Ieri ho omesso di riportare la cronaca dell'uscita da scuola, perché in realtà non c'era molto da raccontare.

Sono arrivata proprio quando suonava la campanella, erano già tutti lì. Bagnino parlava con altri genitori che conosco e ho salutato tutti, trafelata, incluso lui, in modo uguale. La sua risposta è stata un po' freddina, ma fa sempre così quando ci sono altre persone.

I cattivi pensieri della ragazza cattiva sono provocati da un particolare: mentre usciva mia figlia, mi sono avvicinata rivolgendomi al padre di un suo compagno di classe, che conosco abbastanza bene, facendo un commento e Bagnino, che era lì a interagire con questo papà, si è irrigidito e si è allontanato, mi è sembrato in maniera palese.
Quando ci siamo incrociati sul vialetto, ha detto "ciao" in quel suo modo antipatico, che usa quando è stranito, lo conosco, lo ha già usato.

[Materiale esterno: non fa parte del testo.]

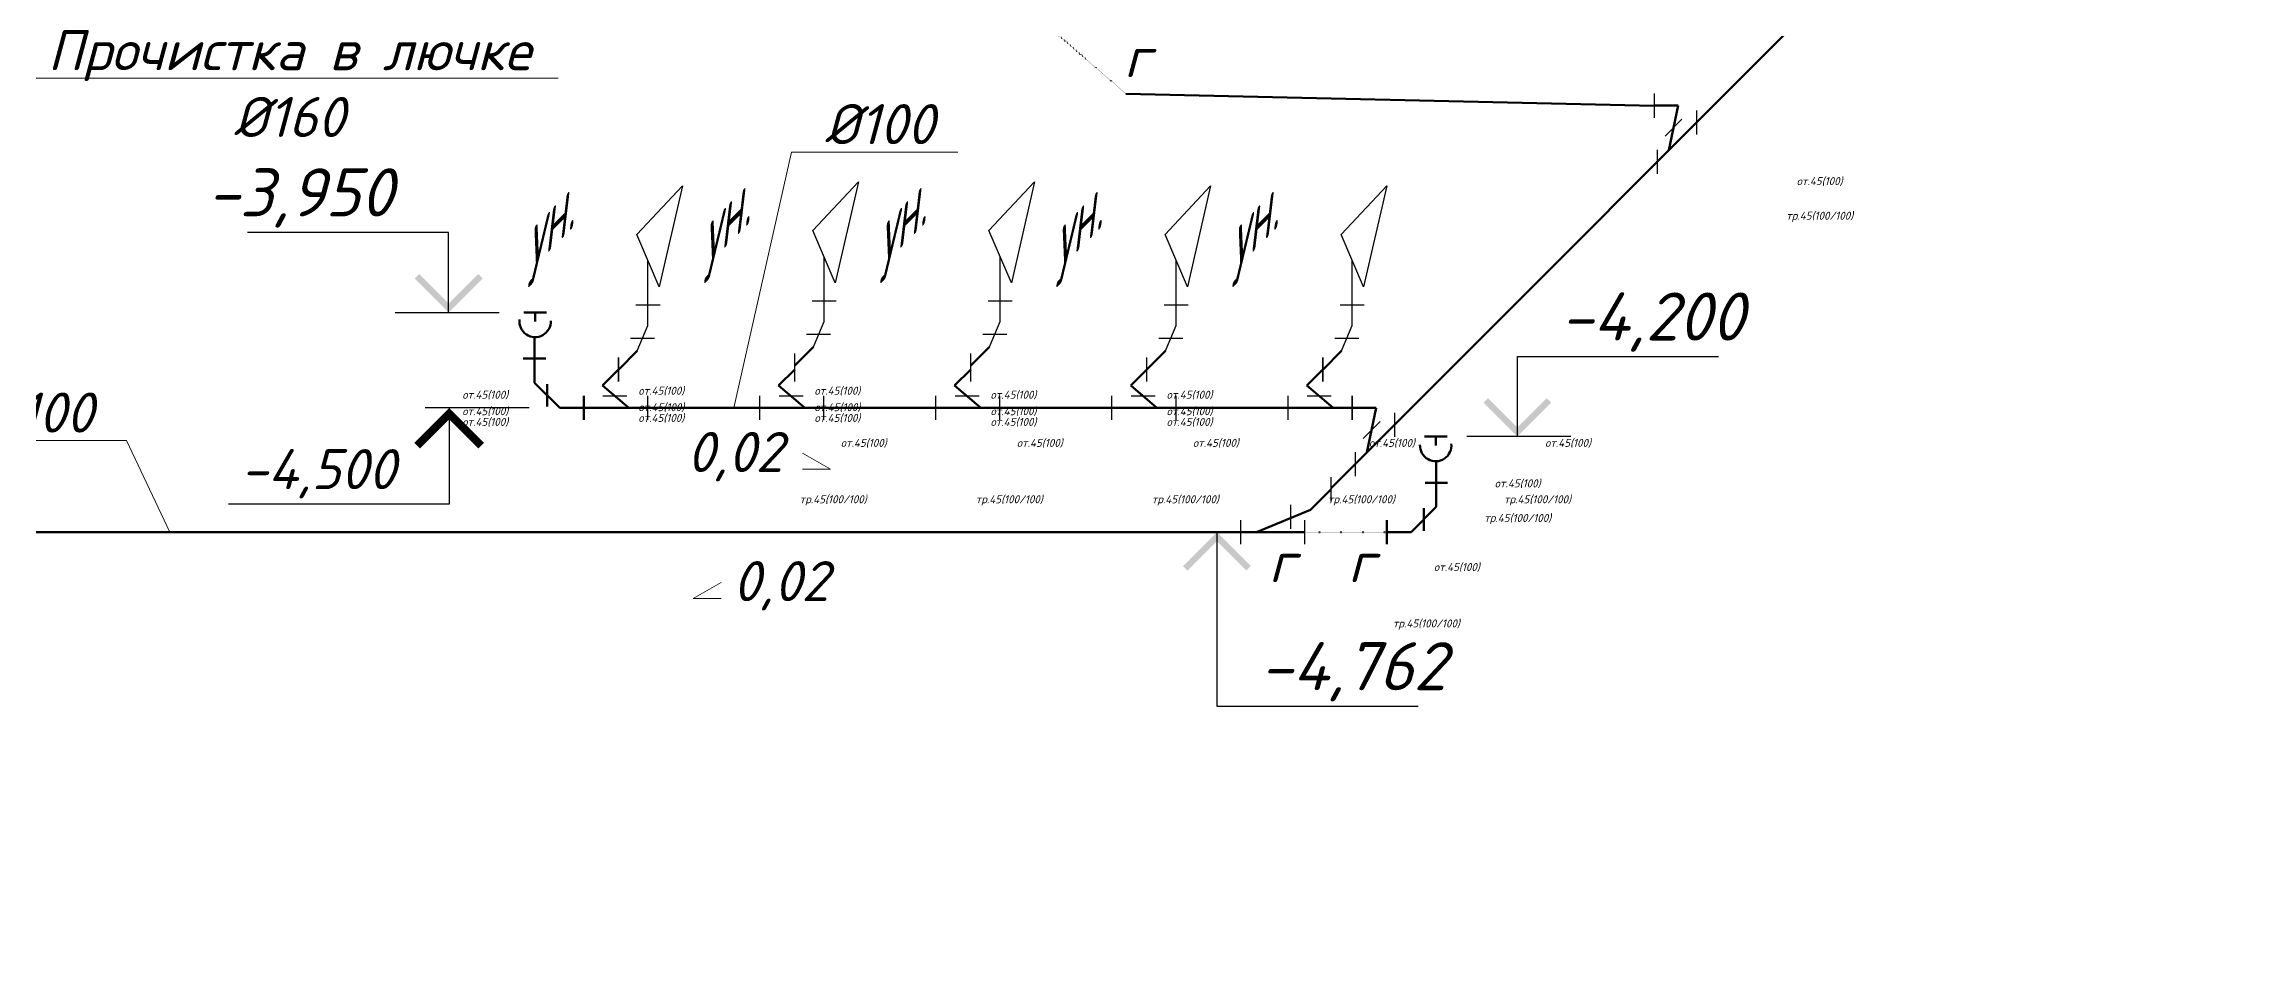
# Model space of a CAD drawing. Header units: millimetres. Extents: x -473555 to 660023, y 5037 to 453528.
# Drawn here: x 210620 to 224394, y 21600 to 27179 of the extents above; entities that cross this region are included whole.
import ezdxf
from ezdxf import colors
from ezdxf.entities.mleader import LeaderData, LeaderLine
from ezdxf.enums import TextEntityAlignment as Align
from ezdxf.math import Vec2, Vec3

# ---------------------------------------------------------------- set-up
doc = ezdxf.new("R2010")
doc.units = ezdxf.units.MM
doc.linetypes.add('ACAD_ISO07W100', pattern=[3, 0, -3])
doc.layers.add('_ВК-Спецификация', color=3, linetype='Continuous', lineweight=15, plot=False, transparency=0.5)
doc.layers.add('ВК_K1', color=34, linetype='Continuous', lineweight=50)
doc.layers.add('ВК_К1_текст', color=34, linetype='Continuous')
doc.styles.add('ISOPEUR', font='isocpeui.ttf')

# ---------------------------------------------------------------- blocks, each defined once
blk = doc.blocks.new('_None')
blk = doc.blocks.new('*U245')
at = {"lineweight": 30}
for p, q in [((-182, 165), (-182, 315)), ((-400, -75), (-400, 75)), ((-130, 73), (-280, 73)), ((0, -75), (0, 75))]:
    blk.add_line(p, q, dxfattribs=at)
at = {"lineweight": -2}
for p, q in [((-283, 140), (-182, 240)), ((-283, 140), (-119, 0)), ((0, 0), (-400, 0))]:
    blk.add_line(p, q, dxfattribs=at)
at = {"layer": '_ВК-Спецификация', "linetype": 'ByBlock', "style": 'ISOPEUR'}
for s, p in [('от.45(100)', (1349, -218)), ('тр.45(100/100)', (1158, -570))]:
    blk.add_text(s, height=50, dxfattribs=at).set_placement(p, align=Align.MIDDLE_CENTER)
blk = doc.blocks.new('*U285')
at = {"lineweight": 30}
for p, q in [((183, 274), (183, 679)), ((108, 403), (258, 403)), ((74, 195), (224, 195)), ((116, 116), (183, 274)), ((0, -75), (0, 75))]:
    blk.add_line(p, q, dxfattribs=at)
at = {"lineweight": -2, "ltscale": 100}
blk.add_line((0, 0), (116, 116), dxfattribs=at)
at = {"lineweight": 30}
blk.add_lwpolyline([(398, 1146), (253, 515), (113, 843)], close=True, dxfattribs=at)
at = {"lineweight": -2, "style": 'ISOPEUR', "oblique": 45}
blk.add_text('ун.', height=250, rotation=45, dxfattribs=at).set_placement((-504, 844), align=Align.MIDDLE_CENTER)
at = {"layer": '_ВК-Спецификация', "style": 'ISOPEUR'}
for p in [(-977, -97), (-977, -221), (-977, -352)]:
    blk.add_attdef('ФАСОННЫЕ_ЧАСТИ', p, '', height=50, dxfattribs=at)
blk = doc.blocks.new('*U224')
at = {"linetype": 'ByBlock', "lineweight": -2}
h = blk.add_hatch(color=256, dxfattribs=at)
h.paths.add_polyline_path([(-527, 212), (-499, 240), (-315, 57), (-315, 0)])
h.paths.add_polyline_path([(-131, 240), (-103, 212), (-315, 0), (-315, 57)])
for p, q in [((-315, 500), (-1572, 500)), ((-315, 0), (-315, 500)), ((-649, 0), (0, 0))]:
    blk.add_line(p, q, dxfattribs=at)
at = {"linetype": 'ByBlock', "style": 'ISOPEUR'}
blk.add_attdef('ОТМЕТКА', (-1565, 600), '', height=300, dxfattribs=at)
blk = doc.blocks.new('*U249')
at = {"lineweight": 30}
for p, q in [((-18, 426), (-18, 276)), ((246, 321), (246, 171)), ((50, 160), (156, 266)), ((0, 75), (0, -75))]:
    blk.add_line(p, q, dxfattribs=at)
for p, q in [((-18, 351), (132, 351)), ((132, 351), (73, 73)), ((0, 0), (246, 246))]:
    blk.add_line(p, q)
at = {"layer": '_ВК-Спецификация', "linetype": 'ByBlock', "style": 'ISOPEUR'}
for s, p in [('от.45(100)', (1016, -120)), ('тр.45(100/100)', (1016, -336))]:
    blk.add_text(s, height=50, dxfattribs=at).set_placement(p, align=Align.MIDDLE_CENTER)
blk = doc.blocks.new('*U253')
at = {"lineweight": 15}
blk.add_lwpolyline([(-1.75, 1), (0, 0), (-1.75, 0)], dxfattribs=at)
at = {"lineweight": 15, "style": 'ISOPEUR'}
blk.add_attdef('УКЛОН', text='', height=2.5, dxfattribs=at).set_placement((-5.98, 1.08), align=Align.MIDDLE_CENTER)
blk = doc.blocks.new('*U214')
at = {"lineweight": 30}
for p, q in [((563, 193), (563, 343)), ((311, 20), (311, 170)), ((0, -75), (0, 75)), ((400, -75), (400, 75))]:
    blk.add_line(p, q, dxfattribs=at)
for p, q in [((97, 0), (435, 140)), ((563, 268), (435, 140)), ((0, 0), (400, 0))]:
    blk.add_line(p, q)
at = {"layer": '_ВК-Спецификация', "linetype": 'ByBlock', "style": 'ISOPEUR'}
for s, p in [('от.45(100)', (1349, -218)), ('тр.45(100/100)', (1158, -570))]:
    blk.add_text(s, height=50, dxfattribs=at).set_placement(p, align=Align.MIDDLE_CENTER)
blk = doc.blocks.new('*U256')
at = {"lineweight": 15}
blk.add_lwpolyline([(1.75, 1), (0, 0), (1.75, 0)], dxfattribs=at)
at = {"lineweight": 15, "style": 'ISOPEUR'}
blk.add_attdef('УКЛОН', text='', height=2.5, dxfattribs=at).set_placement((5.48, 1.08), align=Align.MIDDLE_CENTER)
blk = doc.blocks.new('*U255')
at = {"linetype": 'ByBlock', "lineweight": -2}
h = blk.add_hatch(color=256, dxfattribs=at)
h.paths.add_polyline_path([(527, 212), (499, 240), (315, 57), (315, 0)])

Ieri non ci ho pensato per niente, distratta da altro... ma è da stamane che mi si rigira questa cosa in testa: forse si aspettava che, visto che il giorno prima abbiamo chiacchierato normalmente, io ieri arrivassi prima per stare con lui, cosa che non era e non è nelle mie intenzioni. Che ci sia rimasto male? Ma io non ho nessuna intenzione di ricominciare a essere il suo intrattenimento platonico.

Perché non scompare? :unhappy:

nonna anzitempo vs cattiva ragazza = 2 - 2


----------



## Leda (22 Settembre 2013)

Non scompare perchè lo alimenti. E tutto ciò che viene nutrito cresce e prospera.
Imponiti di smetterla di pensarci, ogni volta che ti viene in mente e vedrai che pian piano se ne va.


----------



## lolapal (22 Settembre 2013)

Leda;bt9201 ha detto:
			
		

> Non scompare perchè lo alimenti. E tutto ciò che viene nutrito cresce e prospera.
> Imponiti di smetterla di pensarci, ogni volta che ti viene in mente e vedrai che pian piano se ne va.


Me ne rendo conto, Leda... :unhappy:
So anche di fare il suo "gioco"...
Devo avere pazienza e indirizzare questa "energia" su cose più costruttive.


----------



## Leda (23 Settembre 2013)

lolapal;bt9202 ha detto:
			
		

> Me ne rendo conto, Leda... :unhappy:
> So anche di fare il suo "gioco"...
> *Devo avere pazienza e indirizzare questa "energia" su cose più costruttive*.


Guarda, Lola, è più facile ancora. Non devi nemmeno cercare cose diverse su cui far convergere le tue attenzioni. Devi semplicemente evitare che finiscano lì.
Allora, il processo parte in automatico; quando ti rendi conto che ci stai pensando trova una formula rituale, che so 'non sono affari miei' oppure 'che palle, qui devo averla vinta io' oppure ancora 'non voglio pensarci'.
All'inizio è difficile, ma se ci provi sarai stupita tu stessa di quanto rapidamente la manovra correttiva si azioni e diventi efficace.
Prova! Poi mi dici


----------